Reception of SmolLM 2 was broadly positive in the open-source AI community. Simon Willison covered the release the same day, called his first impressions "really positive," and emphasized that the 135M model is small enough to run effectively on a phone. VentureBeat, MarkTechPost, and a number of other outlets framed the release as a notable step in the on-device LLM trend, noting that the 1.7B variant runs comfortably on consumer laptops without GPU acceleration.

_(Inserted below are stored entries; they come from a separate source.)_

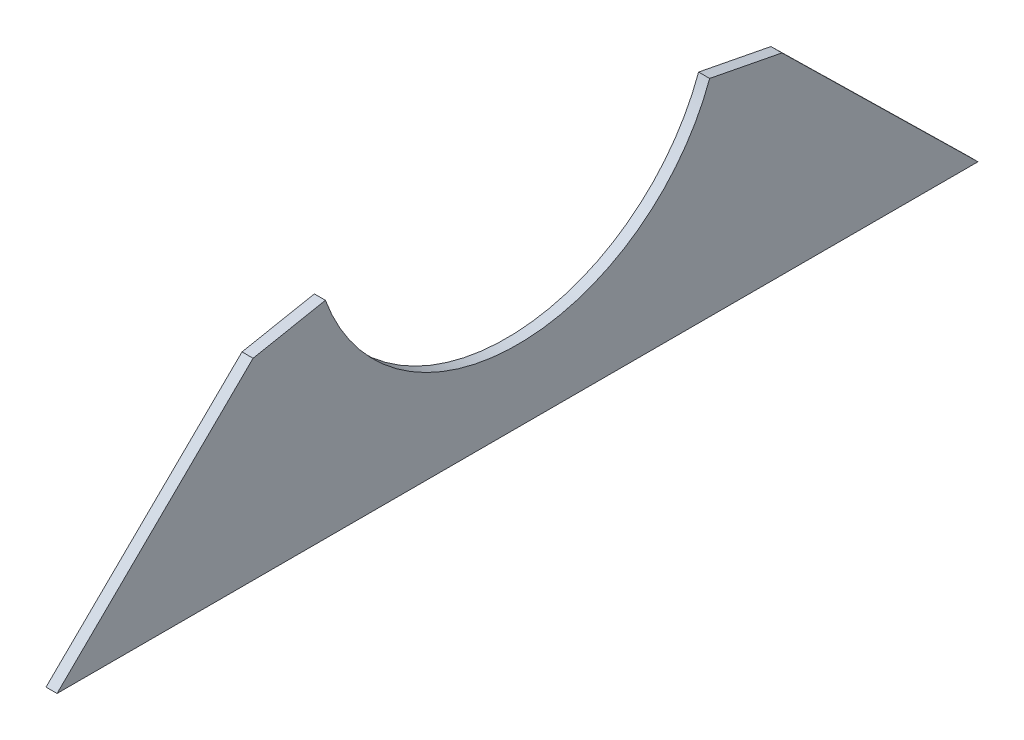
ISO-10303-21;
HEADER;
FILE_DESCRIPTION(('STEP AP214'),'2;1');
FILE_NAME('part.step','',(''),(''),'','','');
FILE_SCHEMA(('AUTOMOTIVE_DESIGN { 1 0 10303 214 1 1 1 1 }'));
ENDSEC;
DATA;
#1=APPLICATION_CONTEXT('core data for automotive mechanical design processes');
#2=APPLICATION_PROTOCOL_DEFINITION('international standard','automotive_design',2000,#1);
#3=PRODUCT_CONTEXT('',#1,'mechanical');
#4=PRODUCT('Part','Part','',(#3));
#5=PRODUCT_RELATED_PRODUCT_CATEGORY('part','',(#4));
#6=PRODUCT_DEFINITION_FORMATION('','',#4);
#7=PRODUCT_DEFINITION_CONTEXT('part definition',#1,'design');
#8=PRODUCT_DEFINITION('design','',#6,#7);
#9=PRODUCT_DEFINITION_SHAPE('','',#8);
#10=(LENGTH_UNIT() NAMED_UNIT(*) SI_UNIT(.MILLI.,.METRE.));
#11=(NAMED_UNIT(*) PLANE_ANGLE_UNIT() SI_UNIT($,.RADIAN.));
#12=(NAMED_UNIT(*) SI_UNIT($,.STERADIAN.) SOLID_ANGLE_UNIT());
#13=UNCERTAINTY_MEASURE_WITH_UNIT(LENGTH_MEASURE(1.E-05),#10,'distance_accuracy_value','');
#14=(GEOMETRIC_REPRESENTATION_CONTEXT(3) GLOBAL_UNCERTAINTY_ASSIGNED_CONTEXT((#13)) GLOBAL_UNIT_ASSIGNED_CONTEXT((#10,
#11,#12)) REPRESENTATION_CONTEXT('',''));
#15=CARTESIAN_POINT('',(0.,0.,0.));
#16=DIRECTION('',(0.,0.,1.));
#17=DIRECTION('',(1.,0.,0.));
#18=AXIS2_PLACEMENT_3D('',#15,#16,#17);
#19=CARTESIAN_POINT('',(-6.,-45.5965957242111,-143.570968245142));
#20=DIRECTION('',(0.,0.713867546087755,-0.70028074844497));
#21=DIRECTION('',(0.,0.70028074844497,0.713867546087755));
#22=AXIS2_PLACEMENT_3D('',#19,#20,#21);
#23=PLANE('',#22);
#24=DIRECTION('',(0.,0.70028074844497,0.713867546087755));
#25=VECTOR('',#24,1.);
#26=CARTESIAN_POINT('',(0.,-45.5965957242111,-143.570968245142));
#27=LINE('',#26,#25);
#28=CARTESIAN_POINT('',(0.,-150.,-250.));
#29=VERTEX_POINT('',#28);
#30=CARTESIAN_POINT('',(0.,-45.5965957242111,-143.570968245142));
#31=VERTEX_POINT('',#30);
#32=EDGE_CURVE('E130',#29,#31,#27,.T.);
#33=ORIENTED_EDGE('',*,*,#32,.F.);
#34=DIRECTION('',(1.,0.,0.));
#35=VECTOR('',#34,1.);
#36=CARTESIAN_POINT('',(-6.,-150.,-250.));
#37=LINE('',#36,#35);
#38=CARTESIAN_POINT('',(-6.,-150.,-250.));
#39=VERTEX_POINT('',#38);
#40=EDGE_CURVE('E11',#39,#29,#37,.T.);
#41=ORIENTED_EDGE('',*,*,#40,.F.);
#42=DIRECTION('',(0.,0.70028074844497,0.713867546087755));
#43=VECTOR('',#42,1.);
#44=CARTESIAN_POINT('',(-6.,-45.5965957242111,-143.570968245142));
#45=LINE('',#44,#43);
#46=CARTESIAN_POINT('',(-6.,-45.5965957242111,-143.570968245142));
#47=VERTEX_POINT('',#46);
#48=EDGE_CURVE('E144',#39,#47,#45,.T.);
#49=ORIENTED_EDGE('',*,*,#48,.T.);
#50=DIRECTION('',(1.,0.,0.));
#51=VECTOR('',#50,1.);
#52=CARTESIAN_POINT('',(-6.,-45.5965957242111,-143.570968245142));
#53=LINE('',#52,#51);
#54=EDGE_CURVE('E48',#47,#31,#53,.T.);
#55=ORIENTED_EDGE('',*,*,#54,.T.);
#56=EDGE_LOOP('',(#33,#41,#49,#55));
#57=FACE_BOUND('',#56,.T.);
#58=ADVANCED_FACE('F45',(#57),#23,.T.);
#59=CARTESIAN_POINT('',(-6.,-150.,-250.));
#60=DIRECTION('',(0.,-1.,0.));
#61=DIRECTION('',(0.,0.,-1.));
#62=AXIS2_PLACEMENT_3D('',#59,#60,#61);
#63=PLANE('',#62);
#64=DIRECTION('',(0.,0.,-1.));
#65=VECTOR('',#64,1.);
#66=CARTESIAN_POINT('',(0.,-150.,-250.));
#67=LINE('',#66,#65);
#68=CARTESIAN_POINT('',(0.,-150.,250.));
#69=VERTEX_POINT('',#68);
#70=EDGE_CURVE('E142',#69,#29,#67,.T.);
#71=ORIENTED_EDGE('',*,*,#70,.F.);
#72=DIRECTION('',(1.,0.,0.));
#73=VECTOR('',#72,1.);
#74=CARTESIAN_POINT('',(-6.,-150.,250.));
#75=LINE('',#74,#73);
#76=CARTESIAN_POINT('',(-6.,-150.,250.));
#77=VERTEX_POINT('',#76);
#78=EDGE_CURVE('E54',#77,#69,#75,.T.);
#79=ORIENTED_EDGE('',*,*,#78,.F.);
#80=DIRECTION('',(0.,0.,-1.));
#81=VECTOR('',#80,1.);
#82=CARTESIAN_POINT('',(-6.,-150.,-250.));
#83=LINE('',#82,#81);
#84=EDGE_CURVE('E120',#77,#39,#83,.T.);
#85=ORIENTED_EDGE('',*,*,#84,.T.);
#86=ORIENTED_EDGE('',*,*,#40,.T.);
#87=EDGE_LOOP('',(#71,#79,#85,#86));
#88=FACE_BOUND('',#87,.T.);
#89=ADVANCED_FACE('F152',(#88),#63,.T.);
#90=CARTESIAN_POINT('',(-6.,-45.5965957242111,143.570968245142));
#91=DIRECTION('',(0.,0.713867546087754,0.70028074844497));
#92=DIRECTION('',(0.,-0.70028074844497,0.713867546087754));
#93=AXIS2_PLACEMENT_3D('',#90,#91,#92);
#94=PLANE('',#93);
#95=DIRECTION('',(0.,-0.70028074844497,0.713867546087754));
#96=VECTOR('',#95,1.);
#97=CARTESIAN_POINT('',(0.,-45.5965957242111,143.570968245142));
#98=LINE('',#97,#96);
#99=CARTESIAN_POINT('',(0.,-45.5965957242111,143.570968245142));
#100=VERTEX_POINT('',#99);
#101=EDGE_CURVE('E107',#100,#69,#98,.T.);
#102=ORIENTED_EDGE('',*,*,#101,.F.);
#103=DIRECTION('',(1.,0.,0.));
#104=VECTOR('',#103,1.);
#105=CARTESIAN_POINT('',(-6.,-45.5965957242111,143.570968245142));
#106=LINE('',#105,#104);
#107=CARTESIAN_POINT('',(-6.,-45.5965957242111,143.570968245142));
#108=VERTEX_POINT('',#107);
#109=EDGE_CURVE('E102',#108,#100,#106,.T.);
#110=ORIENTED_EDGE('',*,*,#109,.F.);
#111=DIRECTION('',(0.,-0.70028074844497,0.713867546087754));
#112=VECTOR('',#111,1.);
#113=CARTESIAN_POINT('',(-6.,-45.5965957242111,143.570968245142));
#114=LINE('',#113,#112);
#115=EDGE_CURVE('E105',#108,#77,#114,.T.);
#116=ORIENTED_EDGE('',*,*,#115,.T.);
#117=ORIENTED_EDGE('',*,*,#78,.T.);
#118=EDGE_LOOP('',(#102,#110,#116,#117));
#119=FACE_BOUND('',#118,.T.);
#120=ADVANCED_FACE('F104',(#119),#94,.T.);
#121=CARTESIAN_POINT('',(-6.,-37.9642359091493,104.305880907236));
#122=DIRECTION('',(0.,0.981627183447664,0.190808995376544));
#123=DIRECTION('',(0.,-0.190808995376544,0.981627183447664));
#124=AXIS2_PLACEMENT_3D('',#121,#122,#123);
#125=PLANE('',#124);
#126=DIRECTION('',(0.,-0.190808995376544,0.981627183447664));
#127=VECTOR('',#126,1.);
#128=CARTESIAN_POINT('',(0.,-37.9642359091493,104.305880907236));
#129=LINE('',#128,#127);
#130=CARTESIAN_POINT('',(0.,-37.9642359091493,104.305880907236));
#131=VERTEX_POINT('',#130);
#132=EDGE_CURVE('E139',#131,#100,#129,.T.);
#133=ORIENTED_EDGE('',*,*,#132,.F.);
#134=DIRECTION('',(1.,0.,0.));
#135=VECTOR('',#134,1.);
#136=CARTESIAN_POINT('',(-6.,-37.9642359091493,104.305880907236));
#137=LINE('',#136,#135);
#138=CARTESIAN_POINT('',(-6.,-37.9642359091493,104.305880907236));
#139=VERTEX_POINT('',#138);
#140=EDGE_CURVE('E112',#139,#131,#137,.T.);
#141=ORIENTED_EDGE('',*,*,#140,.F.);
#142=DIRECTION('',(0.,-0.190808995376544,0.981627183447664));
#143=VECTOR('',#142,1.);
#144=CARTESIAN_POINT('',(-6.,-37.9642359091493,104.305880907236));
#145=LINE('',#144,#143);
#146=EDGE_CURVE('E118',#139,#108,#145,.T.);
#147=ORIENTED_EDGE('',*,*,#146,.T.);
#148=ORIENTED_EDGE('',*,*,#109,.T.);
#149=EDGE_LOOP('',(#133,#141,#147,#148));
#150=FACE_BOUND('',#149,.T.);
#151=ADVANCED_FACE('F122',(#150),#125,.T.);
#152=CARTESIAN_POINT('',(-6.,0.,0.));
#153=DIRECTION('',(1.,0.,0.));
#154=DIRECTION('',(0.,0.,-1.));
#155=AXIS2_PLACEMENT_3D('',#152,#153,#154);
#156=CYLINDRICAL_SURFACE('',#155,111.);
#157=CARTESIAN_POINT('',(0.,0.,0.));
#158=DIRECTION('',(-1.,0.,0.));
#159=DIRECTION('',(0.,0.,-1.));
#160=AXIS2_PLACEMENT_3D('',#157,#158,#159);
#161=CIRCLE('',#160,111.);
#162=CARTESIAN_POINT('',(0.,-37.9642359091493,-104.305880907236));
#163=VERTEX_POINT('',#162);
#164=EDGE_CURVE('E136',#163,#131,#161,.T.);
#165=ORIENTED_EDGE('',*,*,#164,.F.);
#166=DIRECTION('',(1.,0.,0.));
#167=VECTOR('',#166,1.);
#168=CARTESIAN_POINT('',(-6.,-37.9642359091493,-104.305880907236));
#169=LINE('',#168,#167);
#170=CARTESIAN_POINT('',(-6.,-37.9642359091493,-104.305880907236));
#171=VERTEX_POINT('',#170);
#172=EDGE_CURVE('E147',#171,#163,#169,.T.);
#173=ORIENTED_EDGE('',*,*,#172,.F.);
#174=CARTESIAN_POINT('',(-6.,0.,0.));
#175=DIRECTION('',(-1.,0.,0.));
#176=DIRECTION('',(0.,0.,-1.));
#177=AXIS2_PLACEMENT_3D('',#174,#175,#176);
#178=CIRCLE('',#177,111.);
#179=EDGE_CURVE('E123',#171,#139,#178,.T.);
#180=ORIENTED_EDGE('',*,*,#179,.T.);
#181=ORIENTED_EDGE('',*,*,#140,.T.);
#182=EDGE_LOOP('',(#165,#173,#180,#181));
#183=FACE_BOUND('',#182,.T.);
#184=ADVANCED_FACE('F165',(#183),#156,.F.);
#185=CARTESIAN_POINT('',(-6.,-37.9642359091493,-104.305880907236));
#186=DIRECTION('',(0.,0.981627183447664,-0.190808995376544));
#187=DIRECTION('',(0.,0.190808995376544,0.981627183447664));
#188=AXIS2_PLACEMENT_3D('',#185,#186,#187);
#189=PLANE('',#188);
#190=DIRECTION('',(0.,0.190808995376544,0.981627183447664));
#191=VECTOR('',#190,1.);
#192=CARTESIAN_POINT('',(0.,-37.9642359091493,-104.305880907236));
#193=LINE('',#192,#191);
#194=EDGE_CURVE('E133',#31,#163,#193,.T.);
#195=ORIENTED_EDGE('',*,*,#194,.F.);
#196=ORIENTED_EDGE('',*,*,#54,.F.);
#197=DIRECTION('',(0.,0.190808995376544,0.981627183447664));
#198=VECTOR('',#197,1.);
#199=CARTESIAN_POINT('',(-6.,-37.9642359091493,-104.305880907236));
#200=LINE('',#199,#198);
#201=EDGE_CURVE('E125',#47,#171,#200,.T.);
#202=ORIENTED_EDGE('',*,*,#201,.T.);
#203=ORIENTED_EDGE('',*,*,#172,.T.);
#204=EDGE_LOOP('',(#195,#196,#202,#203));
#205=FACE_BOUND('',#204,.T.);
#206=ADVANCED_FACE('F149',(#205),#189,.T.);
#207=CARTESIAN_POINT('',(-6.,0.,0.));
#208=DIRECTION('',(1.,0.,0.));
#209=DIRECTION('',(0.,0.,-1.));
#210=AXIS2_PLACEMENT_3D('',#207,#208,#209);
#211=PLANE('',#210);
#212=ORIENTED_EDGE('',*,*,#48,.F.);
#213=ORIENTED_EDGE('',*,*,#84,.F.);
#214=ORIENTED_EDGE('',*,*,#115,.F.);
#215=ORIENTED_EDGE('',*,*,#146,.F.);
#216=ORIENTED_EDGE('',*,*,#179,.F.);
#217=ORIENTED_EDGE('',*,*,#201,.F.);
#218=EDGE_LOOP('',(#212,#213,#214,#215,#216,#217));
#219=FACE_BOUND('',#218,.T.);
#220=ADVANCED_FACE('F116',(#219),#211,.F.);
#221=CARTESIAN_POINT('',(0.,0.,0.));
#222=DIRECTION('',(1.,0.,0.));
#223=DIRECTION('',(0.,0.,-1.));
#224=AXIS2_PLACEMENT_3D('',#221,#222,#223);
#225=PLANE('',#224);
#226=ORIENTED_EDGE('',*,*,#32,.T.);
#227=ORIENTED_EDGE('',*,*,#194,.T.);
#228=ORIENTED_EDGE('',*,*,#164,.T.);
#229=ORIENTED_EDGE('',*,*,#132,.T.);
#230=ORIENTED_EDGE('',*,*,#101,.T.);
#231=ORIENTED_EDGE('',*,*,#70,.T.);
#232=EDGE_LOOP('',(#226,#227,#228,#229,#230,#231));
#233=FACE_BOUND('',#232,.T.);
#234=ADVANCED_FACE('F151',(#233),#225,.T.);
#235=CLOSED_SHELL('',(#58,#89,#120,#151,#184,#206,#220,#234));
#236=MANIFOLD_SOLID_BREP('B2',#235);
#237=ADVANCED_BREP_SHAPE_REPRESENTATION('',(#18,#236),#14);
#238=SHAPE_DEFINITION_REPRESENTATION(#9,#237);
ENDSEC;
END-ISO-10303-21;

The research reception, once the technical report appeared in February 2025, focused on the data-centric methodology. The paper became a frequent reference for follow-up work on small-model training recipes, and the SmolTalk, FineMath, and Stack-Edu datasets have been reused in other small-model projects. The combined download counts for the SmolLM 2 checkpoints on the Hugging Face Hub run into the millions per month, and the model has spawned hundreds of community fine-tunes, quantizations, and adapter releases.
Criticism has been mostly about scope rather than execution. The models are primarily English, do not have native multimodal capability, and have a relatively short 8k context window compared to larger contemporaries. The Hugging Face team has acknowledged each of these limits in the model cards and has positioned multilingual coverage, longer context, and multimodal extensions as work for follow-up releases, including the later SmolLM 3 line.